# GraphVerse Demonstration

This notebook demonstrates the usage of the GraphVerse library, which combines random graph generation with a simple Language Model (LLM) to analyze and generate walk sequences on graphs.

In [None]:
%pip uninstall torch
%pip uninstall torchvision

In [None]:
pip install torch==1.5.0+cpu torchvision==0.6.0+cpu -f

In [None]:
%reset -f

In [None]:
# Install the GraphVerse package (uncomment if not already installed)
# !pip install GraphVerse

In [None]:
import graphverse
import networkx as nx
import matplotlib.pyplot as plt

# Set random seed for reproducibility
import random
import torch
random.seed(42)
torch.manual_seed(42)

## 1. Generate a Graph

In [None]:
n = 1000  # Number of vertices
G = graphverse.graph_generator.graph_generation.generate_interesting_graph(n)
graphverse.graph_generator.vertex_designation.designate_special_vertices(G)

print(f"Graph generated with {G.number_of_nodes()} nodes and {G.number_of_edges()} edges")

# Visualize a small subgraph
subgraph_nodes = list(G.nodes())[:20]  # First 20 nodes
subgraph = G.subgraph(subgraph_nodes)
pos = nx.spring_layout(subgraph)
nx.draw(subgraph, pos, with_labels=True, node_color='lightblue', node_size=500, font_size=10)
plt.title("Subgraph of the Generated Graph")
plt.show()

## 2. Generate Random Walks

In [None]:
num_walks = 10000
walks = []
violating_walks = []

for i in range(num_walks):
    start = random.randint(0, n-1)
    walk, rule_violated, violation_details = graphverse.graph_generator.random_walks.random_walk(G, start)
    walks.append(walk)
    if rule_violated:
        violating_walks.append((i, walk, violation_details))

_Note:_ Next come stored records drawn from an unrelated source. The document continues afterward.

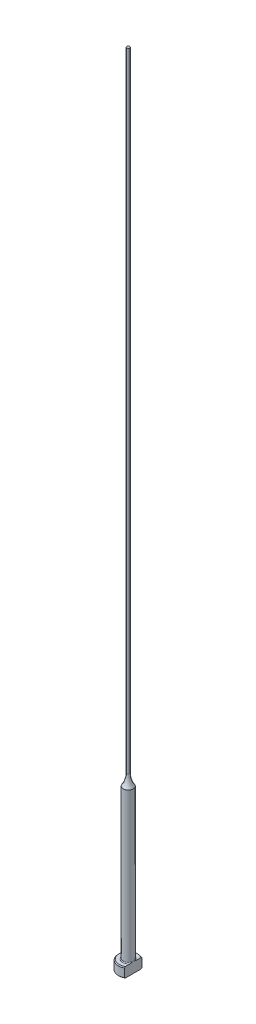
ISO-10303-21;
HEADER;
FILE_DESCRIPTION(('STEP AP214'),'2;1');
FILE_NAME('part.step','',(''),(''),'','','');
FILE_SCHEMA(('AUTOMOTIVE_DESIGN { 1 0 10303 214 1 1 1 1 }'));
ENDSEC;
DATA;
#1=APPLICATION_CONTEXT('core data for automotive mechanical design processes');
#2=APPLICATION_PROTOCOL_DEFINITION('international standard','automotive_design',2000,#1);
#3=PRODUCT_CONTEXT('',#1,'mechanical');
#4=PRODUCT('Part','Part','',(#3));
#5=PRODUCT_RELATED_PRODUCT_CATEGORY('part','',(#4));
#6=PRODUCT_DEFINITION_FORMATION('','',#4);
#7=PRODUCT_DEFINITION_CONTEXT('part definition',#1,'design');
#8=PRODUCT_DEFINITION('design','',#6,#7);
#9=PRODUCT_DEFINITION_SHAPE('','',#8);
#10=(LENGTH_UNIT() NAMED_UNIT(*) SI_UNIT(.MILLI.,.METRE.));
#11=(NAMED_UNIT(*) PLANE_ANGLE_UNIT() SI_UNIT($,.RADIAN.));
#12=(NAMED_UNIT(*) SI_UNIT($,.STERADIAN.) SOLID_ANGLE_UNIT());
#13=UNCERTAINTY_MEASURE_WITH_UNIT(LENGTH_MEASURE(1.E-05),#10,'distance_accuracy_value','');
#14=(GEOMETRIC_REPRESENTATION_CONTEXT(3) GLOBAL_UNCERTAINTY_ASSIGNED_CONTEXT((#13)) GLOBAL_UNIT_ASSIGNED_CONTEXT((#10,
#11,#12)) REPRESENTATION_CONTEXT('',''));
#15=CARTESIAN_POINT('',(0.,0.,0.));
#16=DIRECTION('',(0.,0.,1.));
#17=DIRECTION('',(1.,0.,0.));
#18=AXIS2_PLACEMENT_3D('',#15,#16,#17);
#19=CARTESIAN_POINT('',(-3.17499999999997,3.175,0.));
#20=DIRECTION('',(0.,1.,0.));
#21=DIRECTION('',(0.,0.,1.));
#22=AXIS2_PLACEMENT_3D('',#19,#20,#21);
#23=PLANE('',#22);
#24=CARTESIAN_POINT('',(0.,3.175,0.));
#25=DIRECTION('',(0.,1.,0.));
#26=DIRECTION('',(0.,0.,1.));
#27=AXIS2_PLACEMENT_3D('',#24,#25,#26);
#28=CIRCLE('',#27,2.92099999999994);
#29=CARTESIAN_POINT('',(1.58749999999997,3.175,-2.45195529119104));
#30=VERTEX_POINT('',#29);
#31=CARTESIAN_POINT('',(1.58749999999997,3.175,2.45195529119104));
#32=VERTEX_POINT('',#31);
#33=EDGE_CURVE('E105',#30,#32,#28,.T.);
#34=ORIENTED_EDGE('',*,*,#33,.T.);
#35=DIRECTION('',(0.,0.,1.));
#36=VECTOR('',#35,1.);
#37=CARTESIAN_POINT('',(1.58749999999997,3.17499999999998,2.74963065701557));
#38=LINE('',#37,#36);
#39=CARTESIAN_POINT('',(1.58749999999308,3.175,0.933255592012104));
#40=VERTEX_POINT('',#39);
#41=EDGE_CURVE('E126',#40,#32,#38,.T.);
#42=ORIENTED_EDGE('',*,*,#41,.F.);
#43=CARTESIAN_POINT('',(0.,3.175,0.));
#44=DIRECTION('',(0.,1.,0.));
#45=DIRECTION('',(0.,0.,1.));
#46=AXIS2_PLACEMENT_3D('',#43,#44,#45);
#47=CIRCLE('',#46,1.84149999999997);
#48=CARTESIAN_POINT('',(1.58749999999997,3.17500000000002,-0.933255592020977));
#49=VERTEX_POINT('',#48);
#50=EDGE_CURVE('E11',#40,#49,#47,.F.);
#51=ORIENTED_EDGE('',*,*,#50,.T.);
#52=EDGE_CURVE('E52',#30,#49,#38,.T.);
#53=ORIENTED_EDGE('',*,*,#52,.F.);
#54=EDGE_LOOP('',(#34,#42,#51,#53));
#55=FACE_BOUND('',#54,.T.);
#56=ADVANCED_FACE('F32',(#55),#23,.T.);
#57=CARTESIAN_POINT('',(0.,259.958771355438,0.));
#58=DIRECTION('',(0.,1.,0.));
#59=DIRECTION('',(0.,0.,1.));
#60=AXIS2_PLACEMENT_3D('',#57,#58,#59);
#61=CYLINDRICAL_SURFACE('',#60,3.17499999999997);
#62=CARTESIAN_POINT('',(0.,2.92100000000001,0.));
#63=DIRECTION('',(0.,1.,0.));
#64=DIRECTION('',(0.,0.,1.));
#65=AXIS2_PLACEMENT_3D('',#62,#63,#64);
#66=CIRCLE('',#65,3.17499999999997);
#67=CARTESIAN_POINT('',(1.58749999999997,2.92100000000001,2.74963065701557));
#68=VERTEX_POINT('',#67);
#69=CARTESIAN_POINT('',(1.58749999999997,2.92100000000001,-2.74963065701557));
#70=VERTEX_POINT('',#69);
#71=EDGE_CURVE('E98',#68,#70,#66,.F.);
#72=ORIENTED_EDGE('',*,*,#71,.T.);
#73=DIRECTION('',(0.,-1.,0.));
#74=VECTOR('',#73,1.);
#75=CARTESIAN_POINT('',(1.58749999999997,254.001,-2.74963065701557));
#76=LINE('',#75,#74);
#77=CARTESIAN_POINT('',(1.58749999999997,0.253999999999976,-2.74963065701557));
#78=VERTEX_POINT('',#77);
#79=EDGE_CURVE('E141',#70,#78,#76,.T.);
#80=ORIENTED_EDGE('',*,*,#79,.T.);
#81=CARTESIAN_POINT('',(0.,0.253999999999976,0.));
#82=DIRECTION('',(0.,-1.,0.));
#83=DIRECTION('',(0.,0.,-1.));
#84=AXIS2_PLACEMENT_3D('',#81,#82,#83);
#85=CIRCLE('',#84,3.17499999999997);
#86=CARTESIAN_POINT('',(1.58749999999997,0.253999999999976,2.74963065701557));
#87=VERTEX_POINT('',#86);
#88=EDGE_CURVE('E95',#78,#87,#85,.F.);
#89=ORIENTED_EDGE('',*,*,#88,.T.);
#90=DIRECTION('',(0.,-1.,0.));
#91=VECTOR('',#90,1.);
#92=CARTESIAN_POINT('',(1.58749999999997,254.001,2.74963065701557));
#93=LINE('',#92,#91);
#94=EDGE_CURVE('E88',#68,#87,#93,.T.);
#95=ORIENTED_EDGE('',*,*,#94,.F.);
#96=EDGE_LOOP('',(#72,#80,#89,#95));
#97=FACE_BOUND('',#96,.T.);
#98=ADVANCED_FACE('F191',(#97),#61,.T.);
#99=CARTESIAN_POINT('',(0.,0.,0.));
#100=DIRECTION('',(0.,-1.,0.));
#101=DIRECTION('',(0.,0.,-1.));
#102=AXIS2_PLACEMENT_3D('',#99,#100,#101);
#103=PLANE('',#102);
#104=CARTESIAN_POINT('',(0.,0.,0.));
#105=DIRECTION('',(0.,-1.,0.));
#106=DIRECTION('',(0.,0.,-1.));
#107=AXIS2_PLACEMENT_3D('',#104,#105,#106);
#108=CIRCLE('',#107,2.92100000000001);
#109=CARTESIAN_POINT('',(1.58749999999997,0.,2.45195529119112));
#110=VERTEX_POINT('',#109);
#111=CARTESIAN_POINT('',(1.58749999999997,0.,-2.45195529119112));
#112=VERTEX_POINT('',#111);
#113=EDGE_CURVE('E93',#110,#112,#108,.T.);
#114=ORIENTED_EDGE('',*,*,#113,.T.);
#115=DIRECTION('',(0.,0.,1.));
#116=VECTOR('',#115,1.);
#117=CARTESIAN_POINT('',(1.58749999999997,0.,2.74963065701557));
#118=LINE('',#117,#116);
#119=EDGE_CURVE('E78',#112,#110,#118,.T.);
#120=ORIENTED_EDGE('',*,*,#119,.T.);
#121=EDGE_LOOP('',(#114,#120));
#122=FACE_BOUND('',#121,.T.);
#123=ADVANCED_FACE('F97',(#122),#103,.T.);
#124=CARTESIAN_POINT('',(0.,3.17499999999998,0.));
#125=DIRECTION('',(0.,-1.,0.));
#126=DIRECTION('',(0.,0.,-1.));
#127=AXIS2_PLACEMENT_3D('',#124,#125,#126);
#128=CONICAL_SURFACE('',#127,2.92099999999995,0.785398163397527);
#129=ORIENTED_EDGE('',*,*,#71,.F.);
#130=CARTESIAN_POINT('',(1.58749999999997,-0.16162066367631,-6.0529050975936));
#131=CARTESIAN_POINT('',(1.58749999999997,-0.0288893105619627,-5.91567682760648));
#132=CARTESIAN_POINT('',(1.58749999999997,0.103699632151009,-5.7783103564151));
#133=CARTESIAN_POINT('',(1.58749999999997,0.368508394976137,-5.50321874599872));
#134=CARTESIAN_POINT('',(1.58749999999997,0.500728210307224,-5.36549360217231));
#135=CARTESIAN_POINT('',(1.58749999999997,0.764778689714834,-5.08953516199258));
#136=CARTESIAN_POINT('',(1.58749999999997,0.896609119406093,-4.9513016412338));
#137=CARTESIAN_POINT('',(1.58749999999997,1.15968706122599,-4.67428233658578));
#138=CARTESIAN_POINT('',(1.58749999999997,1.29093457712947,-4.53549655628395));
#139=CARTESIAN_POINT('',(1.58749999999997,1.55007705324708,-4.25997724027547));
#140=CARTESIAN_POINT('',(1.58749999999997,1.67798684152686,-4.12325766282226));
#141=CARTESIAN_POINT('',(1.58749999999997,1.9328486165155,-3.84892898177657));
#142=CARTESIAN_POINT('',(1.58749999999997,2.05980060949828,-3.71131988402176));
#143=CARTESIAN_POINT('',(1.58749999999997,2.31237508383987,-3.43493978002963));
#144=CARTESIAN_POINT('',(1.58749999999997,2.43799784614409,-3.29616903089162));
#145=CARTESIAN_POINT('',(1.58749999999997,2.68741369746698,-3.01699558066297));
#146=CARTESIAN_POINT('',(1.58749999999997,2.81120686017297,-2.8765929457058));
#147=CARTESIAN_POINT('',(1.58749999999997,3.00875865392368,-2.64816703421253));
#148=CARTESIAN_POINT('',(1.58749999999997,3.08336151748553,-2.56087478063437));
#149=CARTESIAN_POINT('',(1.58749999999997,3.2312387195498,-2.38515423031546));
#150=CARTESIAN_POINT('',(1.58749999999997,3.30451292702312,-2.29672582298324));
#151=CARTESIAN_POINT('',(1.58749999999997,3.45004422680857,-2.1174740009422));
#152=CARTESIAN_POINT('',(1.58749999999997,3.5222823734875,-2.02663514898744));
#153=CARTESIAN_POINT('',(1.58749999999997,3.66423097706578,-1.8430252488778));
#154=CARTESIAN_POINT('',(1.58749999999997,3.73394203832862,-1.75025467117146));
#155=CARTESIAN_POINT('',(1.58749999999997,3.87080633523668,-1.5606747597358));
#156=CARTESIAN_POINT('',(1.58749999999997,3.93790459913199,-1.46382547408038));
#157=CARTESIAN_POINT('',(1.58749999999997,4.06669147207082,-1.26632594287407));
#158=CARTESIAN_POINT('',(1.58749999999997,4.1283726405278,-1.16567073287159));
#159=CARTESIAN_POINT('',(1.58749999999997,4.21402252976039,-1.01165766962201));
#160=CARTESIAN_POINT('',(1.58749999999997,4.24127929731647,-0.960142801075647));
#161=CARTESIAN_POINT('',(1.58749999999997,4.2930979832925,-0.855780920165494));
#162=CARTESIAN_POINT('',(1.58749999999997,4.31765941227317,-0.802933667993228));
#163=CARTESIAN_POINT('',(1.58749999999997,4.38614656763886,-0.642461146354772));
#164=CARTESIAN_POINT('',(1.58749999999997,4.42510149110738,-0.532518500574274));
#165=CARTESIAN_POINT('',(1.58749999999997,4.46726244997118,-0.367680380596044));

print(f"Generated {len(walks)} walks")
print(f"Number of walks violating rules: {len(violating_walks)}")

# Display a few sample walks
print("\nSample walks:")
for i in range(5):
    print(f"Walk {i}: {walks[i][:10]}... (length: {len(walks[i])})")

## 3. Train LLM on Walk Sequences

In [None]:
model = graphverse.llm.training.train_llm(walks, n, epochs=5)
print("LLM training completed")

## 4. Generate Sequences Using Trained LLM

In [None]:
num_sequences = 1000
max_length = 50
generated_sequences = []

for _ in range(num_sequences):
    start = [random.randint(0, n-1) for _ in range(5)]  # 5-vertex prompt
    generated_sequences.append(graphverse.llm.inference.generate_sequence(model, start, max_length))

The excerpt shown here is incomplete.